■ **Records for this exercise**:
*** Block opens ***
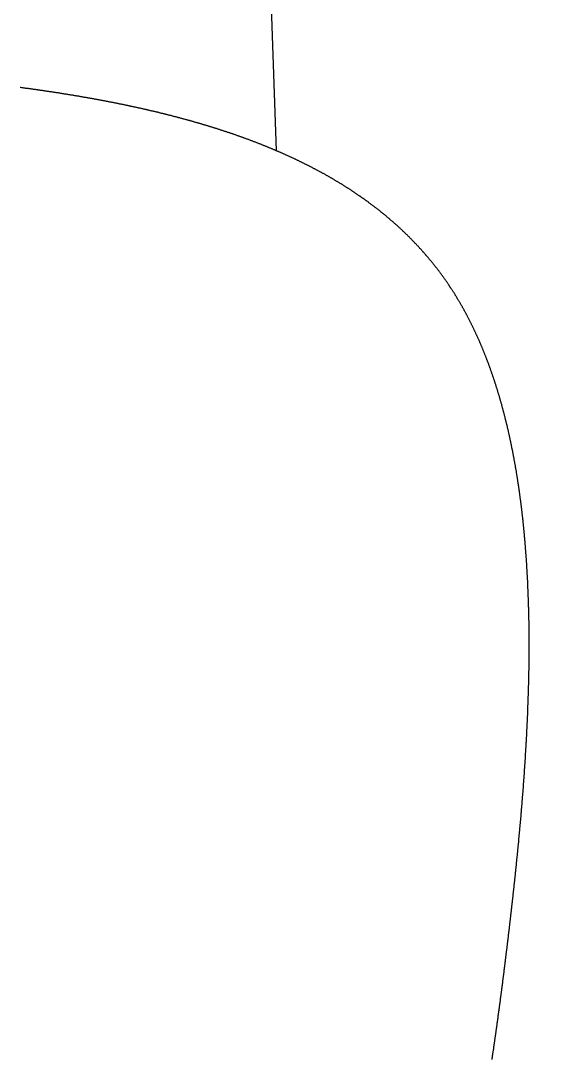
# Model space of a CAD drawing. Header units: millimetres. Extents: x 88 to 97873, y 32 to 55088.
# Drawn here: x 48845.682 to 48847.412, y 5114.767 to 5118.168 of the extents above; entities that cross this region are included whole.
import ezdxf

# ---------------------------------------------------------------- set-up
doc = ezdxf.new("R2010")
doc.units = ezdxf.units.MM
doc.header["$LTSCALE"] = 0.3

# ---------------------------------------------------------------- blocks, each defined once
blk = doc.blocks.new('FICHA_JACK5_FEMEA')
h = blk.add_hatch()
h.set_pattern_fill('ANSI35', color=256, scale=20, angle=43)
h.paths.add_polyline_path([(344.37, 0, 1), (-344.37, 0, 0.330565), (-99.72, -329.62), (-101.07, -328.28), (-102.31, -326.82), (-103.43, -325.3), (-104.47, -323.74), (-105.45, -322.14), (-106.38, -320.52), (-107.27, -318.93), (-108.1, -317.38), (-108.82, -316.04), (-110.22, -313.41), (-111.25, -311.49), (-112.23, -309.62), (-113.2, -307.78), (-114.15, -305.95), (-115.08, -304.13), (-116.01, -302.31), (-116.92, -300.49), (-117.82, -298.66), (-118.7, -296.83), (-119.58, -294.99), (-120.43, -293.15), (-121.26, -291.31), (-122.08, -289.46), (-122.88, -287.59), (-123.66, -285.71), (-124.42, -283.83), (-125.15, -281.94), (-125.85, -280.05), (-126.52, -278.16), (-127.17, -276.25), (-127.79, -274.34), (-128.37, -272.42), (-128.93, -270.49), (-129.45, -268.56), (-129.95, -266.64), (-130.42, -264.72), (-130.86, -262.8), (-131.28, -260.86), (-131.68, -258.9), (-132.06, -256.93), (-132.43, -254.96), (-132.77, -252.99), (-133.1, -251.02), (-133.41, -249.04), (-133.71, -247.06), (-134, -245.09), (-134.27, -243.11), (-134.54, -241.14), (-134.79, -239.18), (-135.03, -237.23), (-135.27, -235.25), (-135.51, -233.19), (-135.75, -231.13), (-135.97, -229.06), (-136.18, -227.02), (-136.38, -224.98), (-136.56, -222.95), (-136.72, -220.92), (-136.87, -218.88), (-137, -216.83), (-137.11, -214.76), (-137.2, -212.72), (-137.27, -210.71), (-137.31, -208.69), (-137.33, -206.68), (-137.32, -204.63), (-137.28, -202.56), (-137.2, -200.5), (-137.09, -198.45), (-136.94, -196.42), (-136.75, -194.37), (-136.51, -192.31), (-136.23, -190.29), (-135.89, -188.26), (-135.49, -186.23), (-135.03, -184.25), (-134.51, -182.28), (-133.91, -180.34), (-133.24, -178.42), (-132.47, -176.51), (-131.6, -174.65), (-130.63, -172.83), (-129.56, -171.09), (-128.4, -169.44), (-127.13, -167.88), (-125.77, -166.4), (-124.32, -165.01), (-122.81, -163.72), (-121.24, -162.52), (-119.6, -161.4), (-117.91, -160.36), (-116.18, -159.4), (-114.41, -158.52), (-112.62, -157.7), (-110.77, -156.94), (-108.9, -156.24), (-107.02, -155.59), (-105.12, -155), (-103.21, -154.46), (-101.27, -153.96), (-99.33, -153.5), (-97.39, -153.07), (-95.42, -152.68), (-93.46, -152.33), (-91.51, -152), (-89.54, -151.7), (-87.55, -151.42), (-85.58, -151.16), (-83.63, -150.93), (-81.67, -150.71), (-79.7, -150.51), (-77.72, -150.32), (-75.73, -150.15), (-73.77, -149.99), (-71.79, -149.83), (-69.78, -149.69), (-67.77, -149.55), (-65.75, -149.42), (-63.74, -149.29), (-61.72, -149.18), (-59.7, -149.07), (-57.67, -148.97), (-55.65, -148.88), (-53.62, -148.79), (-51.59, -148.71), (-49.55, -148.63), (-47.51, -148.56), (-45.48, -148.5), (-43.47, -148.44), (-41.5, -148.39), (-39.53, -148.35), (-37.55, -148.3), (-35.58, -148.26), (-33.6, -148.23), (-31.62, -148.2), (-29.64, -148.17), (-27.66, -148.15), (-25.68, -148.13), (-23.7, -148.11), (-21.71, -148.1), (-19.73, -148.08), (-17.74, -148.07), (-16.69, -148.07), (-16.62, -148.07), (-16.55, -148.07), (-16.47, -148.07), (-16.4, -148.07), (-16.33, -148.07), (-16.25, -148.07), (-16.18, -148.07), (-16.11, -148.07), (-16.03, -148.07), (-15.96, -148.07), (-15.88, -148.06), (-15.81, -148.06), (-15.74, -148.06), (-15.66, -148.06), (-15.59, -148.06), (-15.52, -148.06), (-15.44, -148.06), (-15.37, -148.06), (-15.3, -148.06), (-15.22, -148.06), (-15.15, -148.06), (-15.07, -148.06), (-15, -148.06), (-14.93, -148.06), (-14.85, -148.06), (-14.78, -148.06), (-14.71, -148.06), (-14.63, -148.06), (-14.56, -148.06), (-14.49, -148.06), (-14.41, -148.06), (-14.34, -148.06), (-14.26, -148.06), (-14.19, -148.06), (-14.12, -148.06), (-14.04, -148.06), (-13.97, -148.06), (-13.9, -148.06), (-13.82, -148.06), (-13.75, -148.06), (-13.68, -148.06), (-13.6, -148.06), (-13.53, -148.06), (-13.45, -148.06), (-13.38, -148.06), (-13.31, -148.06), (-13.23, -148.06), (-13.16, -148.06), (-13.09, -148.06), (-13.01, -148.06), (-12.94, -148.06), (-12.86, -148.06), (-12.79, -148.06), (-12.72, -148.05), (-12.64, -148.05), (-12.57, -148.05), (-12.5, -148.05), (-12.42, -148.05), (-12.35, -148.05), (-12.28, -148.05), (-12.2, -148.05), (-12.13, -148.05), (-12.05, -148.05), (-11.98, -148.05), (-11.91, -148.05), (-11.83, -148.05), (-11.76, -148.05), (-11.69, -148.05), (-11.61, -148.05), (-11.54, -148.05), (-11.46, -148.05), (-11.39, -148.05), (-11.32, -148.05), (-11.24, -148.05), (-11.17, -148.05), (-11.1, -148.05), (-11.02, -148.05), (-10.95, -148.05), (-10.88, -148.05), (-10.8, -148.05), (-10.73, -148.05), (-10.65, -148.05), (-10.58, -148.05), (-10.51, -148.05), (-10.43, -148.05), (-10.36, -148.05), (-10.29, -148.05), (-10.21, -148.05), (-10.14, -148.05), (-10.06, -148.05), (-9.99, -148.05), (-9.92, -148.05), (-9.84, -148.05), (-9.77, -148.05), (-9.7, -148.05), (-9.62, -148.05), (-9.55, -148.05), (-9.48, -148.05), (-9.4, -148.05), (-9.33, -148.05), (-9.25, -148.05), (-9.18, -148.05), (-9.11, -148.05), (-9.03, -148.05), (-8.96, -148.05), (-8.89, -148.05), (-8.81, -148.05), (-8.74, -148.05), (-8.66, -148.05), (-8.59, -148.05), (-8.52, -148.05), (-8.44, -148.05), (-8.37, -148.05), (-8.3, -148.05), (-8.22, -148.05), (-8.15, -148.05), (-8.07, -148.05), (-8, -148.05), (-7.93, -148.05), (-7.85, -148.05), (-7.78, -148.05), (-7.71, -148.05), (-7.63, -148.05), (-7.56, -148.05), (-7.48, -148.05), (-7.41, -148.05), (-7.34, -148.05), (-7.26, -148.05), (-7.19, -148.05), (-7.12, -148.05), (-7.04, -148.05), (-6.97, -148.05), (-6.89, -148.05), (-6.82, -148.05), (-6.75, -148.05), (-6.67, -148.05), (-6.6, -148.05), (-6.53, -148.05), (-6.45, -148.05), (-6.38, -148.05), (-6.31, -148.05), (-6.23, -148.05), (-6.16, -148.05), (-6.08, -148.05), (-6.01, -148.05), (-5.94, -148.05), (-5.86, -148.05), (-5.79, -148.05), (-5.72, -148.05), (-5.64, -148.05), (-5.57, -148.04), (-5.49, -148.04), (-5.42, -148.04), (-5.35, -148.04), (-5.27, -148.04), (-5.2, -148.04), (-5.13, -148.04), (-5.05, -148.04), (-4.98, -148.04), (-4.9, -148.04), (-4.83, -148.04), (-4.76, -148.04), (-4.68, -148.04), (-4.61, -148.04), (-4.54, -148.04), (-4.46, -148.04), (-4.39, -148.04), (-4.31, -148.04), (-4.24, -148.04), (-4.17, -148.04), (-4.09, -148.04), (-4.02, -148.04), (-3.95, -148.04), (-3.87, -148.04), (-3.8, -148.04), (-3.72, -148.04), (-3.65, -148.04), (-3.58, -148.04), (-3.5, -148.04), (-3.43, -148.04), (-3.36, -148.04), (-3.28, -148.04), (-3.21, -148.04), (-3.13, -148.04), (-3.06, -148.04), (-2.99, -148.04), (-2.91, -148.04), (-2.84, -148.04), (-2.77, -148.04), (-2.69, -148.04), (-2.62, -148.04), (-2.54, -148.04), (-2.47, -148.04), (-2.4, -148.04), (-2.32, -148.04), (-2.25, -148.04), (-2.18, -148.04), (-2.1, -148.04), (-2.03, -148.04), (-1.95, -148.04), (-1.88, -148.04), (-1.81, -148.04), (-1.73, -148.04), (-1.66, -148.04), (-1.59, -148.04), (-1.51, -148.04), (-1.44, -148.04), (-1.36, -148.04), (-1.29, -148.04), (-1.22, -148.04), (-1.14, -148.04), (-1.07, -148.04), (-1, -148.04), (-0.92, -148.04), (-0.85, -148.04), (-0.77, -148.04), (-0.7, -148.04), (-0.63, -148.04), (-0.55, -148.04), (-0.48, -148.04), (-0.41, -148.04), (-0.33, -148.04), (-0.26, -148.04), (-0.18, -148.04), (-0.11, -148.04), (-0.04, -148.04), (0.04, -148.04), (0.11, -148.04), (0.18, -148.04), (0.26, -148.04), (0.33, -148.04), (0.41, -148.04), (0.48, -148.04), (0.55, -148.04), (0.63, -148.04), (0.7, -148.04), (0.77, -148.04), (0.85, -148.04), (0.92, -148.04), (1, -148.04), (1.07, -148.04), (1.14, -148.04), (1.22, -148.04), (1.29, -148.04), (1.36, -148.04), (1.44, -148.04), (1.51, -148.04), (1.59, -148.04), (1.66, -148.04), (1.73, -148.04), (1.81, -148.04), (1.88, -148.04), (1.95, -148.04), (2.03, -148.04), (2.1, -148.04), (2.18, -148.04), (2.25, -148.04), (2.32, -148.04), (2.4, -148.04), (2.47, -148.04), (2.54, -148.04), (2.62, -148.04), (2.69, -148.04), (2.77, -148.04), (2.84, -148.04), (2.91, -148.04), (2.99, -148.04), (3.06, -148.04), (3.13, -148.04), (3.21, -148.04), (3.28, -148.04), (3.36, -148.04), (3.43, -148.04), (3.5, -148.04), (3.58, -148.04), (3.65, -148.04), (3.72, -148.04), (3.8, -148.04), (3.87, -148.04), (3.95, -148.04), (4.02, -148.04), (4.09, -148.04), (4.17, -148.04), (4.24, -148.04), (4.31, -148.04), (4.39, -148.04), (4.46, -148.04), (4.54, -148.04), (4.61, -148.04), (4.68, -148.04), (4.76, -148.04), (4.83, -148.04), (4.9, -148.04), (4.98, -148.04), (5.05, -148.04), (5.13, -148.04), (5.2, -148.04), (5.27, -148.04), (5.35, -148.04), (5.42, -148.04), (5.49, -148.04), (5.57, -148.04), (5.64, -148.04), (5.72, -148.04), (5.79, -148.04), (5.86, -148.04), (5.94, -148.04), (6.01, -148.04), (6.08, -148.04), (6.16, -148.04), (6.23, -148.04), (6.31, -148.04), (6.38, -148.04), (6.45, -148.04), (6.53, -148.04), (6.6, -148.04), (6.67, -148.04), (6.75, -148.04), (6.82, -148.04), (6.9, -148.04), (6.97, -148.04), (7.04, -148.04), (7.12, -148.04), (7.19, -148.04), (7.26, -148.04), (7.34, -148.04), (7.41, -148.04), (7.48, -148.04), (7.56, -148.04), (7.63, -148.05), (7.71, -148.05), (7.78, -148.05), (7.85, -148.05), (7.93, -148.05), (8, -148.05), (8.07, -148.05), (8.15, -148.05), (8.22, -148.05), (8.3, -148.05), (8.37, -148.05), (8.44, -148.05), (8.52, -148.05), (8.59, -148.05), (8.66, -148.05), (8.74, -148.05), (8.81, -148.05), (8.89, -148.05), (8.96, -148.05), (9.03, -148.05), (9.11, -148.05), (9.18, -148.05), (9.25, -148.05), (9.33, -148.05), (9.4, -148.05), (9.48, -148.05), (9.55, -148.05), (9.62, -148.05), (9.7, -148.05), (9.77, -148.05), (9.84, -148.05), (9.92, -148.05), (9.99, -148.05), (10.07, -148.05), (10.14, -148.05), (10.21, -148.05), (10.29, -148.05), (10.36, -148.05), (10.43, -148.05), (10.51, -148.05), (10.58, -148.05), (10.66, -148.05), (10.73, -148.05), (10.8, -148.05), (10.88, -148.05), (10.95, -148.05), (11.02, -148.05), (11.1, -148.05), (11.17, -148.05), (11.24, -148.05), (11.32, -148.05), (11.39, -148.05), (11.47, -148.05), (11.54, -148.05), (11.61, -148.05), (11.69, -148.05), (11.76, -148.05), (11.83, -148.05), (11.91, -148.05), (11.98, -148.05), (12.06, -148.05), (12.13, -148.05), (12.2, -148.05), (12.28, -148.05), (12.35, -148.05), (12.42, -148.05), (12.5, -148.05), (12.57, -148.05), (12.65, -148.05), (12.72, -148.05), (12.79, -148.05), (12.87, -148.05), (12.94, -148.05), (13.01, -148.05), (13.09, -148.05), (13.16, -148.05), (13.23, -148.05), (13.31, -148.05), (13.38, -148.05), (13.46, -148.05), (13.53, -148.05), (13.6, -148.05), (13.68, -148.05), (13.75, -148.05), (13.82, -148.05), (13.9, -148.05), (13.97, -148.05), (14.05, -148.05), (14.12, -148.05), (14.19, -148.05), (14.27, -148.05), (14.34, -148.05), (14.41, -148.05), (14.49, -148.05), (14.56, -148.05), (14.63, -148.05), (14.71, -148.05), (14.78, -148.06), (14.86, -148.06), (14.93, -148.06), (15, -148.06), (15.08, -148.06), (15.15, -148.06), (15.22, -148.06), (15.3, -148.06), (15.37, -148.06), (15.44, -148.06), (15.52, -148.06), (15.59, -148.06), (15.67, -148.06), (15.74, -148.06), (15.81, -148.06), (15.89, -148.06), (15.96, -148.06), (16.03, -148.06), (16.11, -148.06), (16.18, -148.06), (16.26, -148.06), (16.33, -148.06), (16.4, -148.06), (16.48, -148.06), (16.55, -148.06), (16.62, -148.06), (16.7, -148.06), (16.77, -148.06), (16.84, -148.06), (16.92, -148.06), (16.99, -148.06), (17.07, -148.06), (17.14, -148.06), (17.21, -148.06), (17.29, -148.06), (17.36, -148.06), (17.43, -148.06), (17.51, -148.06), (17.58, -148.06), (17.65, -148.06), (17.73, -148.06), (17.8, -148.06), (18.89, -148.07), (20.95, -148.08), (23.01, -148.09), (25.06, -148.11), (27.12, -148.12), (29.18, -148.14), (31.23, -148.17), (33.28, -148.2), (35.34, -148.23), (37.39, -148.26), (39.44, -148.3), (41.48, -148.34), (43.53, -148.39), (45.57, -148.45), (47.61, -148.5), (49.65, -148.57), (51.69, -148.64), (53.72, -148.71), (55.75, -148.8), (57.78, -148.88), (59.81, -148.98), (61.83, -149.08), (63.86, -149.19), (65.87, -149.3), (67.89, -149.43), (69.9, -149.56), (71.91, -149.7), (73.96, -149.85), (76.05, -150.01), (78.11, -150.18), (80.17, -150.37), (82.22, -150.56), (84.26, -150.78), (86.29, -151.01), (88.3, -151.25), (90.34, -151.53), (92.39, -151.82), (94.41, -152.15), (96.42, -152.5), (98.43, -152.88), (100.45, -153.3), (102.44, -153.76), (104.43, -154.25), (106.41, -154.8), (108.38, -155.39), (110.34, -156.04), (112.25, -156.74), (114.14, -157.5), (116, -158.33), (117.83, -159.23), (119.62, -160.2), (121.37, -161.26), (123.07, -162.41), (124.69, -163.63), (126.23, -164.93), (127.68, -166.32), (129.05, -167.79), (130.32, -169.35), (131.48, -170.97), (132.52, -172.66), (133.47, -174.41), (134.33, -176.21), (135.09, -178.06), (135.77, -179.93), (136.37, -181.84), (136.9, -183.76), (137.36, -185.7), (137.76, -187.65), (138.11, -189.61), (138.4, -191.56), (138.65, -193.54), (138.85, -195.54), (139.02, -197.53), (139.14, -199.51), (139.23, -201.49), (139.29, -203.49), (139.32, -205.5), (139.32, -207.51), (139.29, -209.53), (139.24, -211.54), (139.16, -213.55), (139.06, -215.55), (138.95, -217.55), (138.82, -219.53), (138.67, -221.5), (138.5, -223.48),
*** Block closes ***
■ **Your instructions**: Look back at the data above. Transcribe exactly the lines starting at the line that contains "each defined once" and ending at the line that contains "h.set_pattern_fill('ANSI35', color=256, scale=20, angle=43)".

■ **Solution for this problem**:
# ---------------------------------------------------------------- blocks, each defined once
blk = doc.blocks.new('FICHA_JACK5_FEMEA')
h = blk.add_hatch()
h.set_pattern_fill('ANSI35', color=256, scale=20, angle=43)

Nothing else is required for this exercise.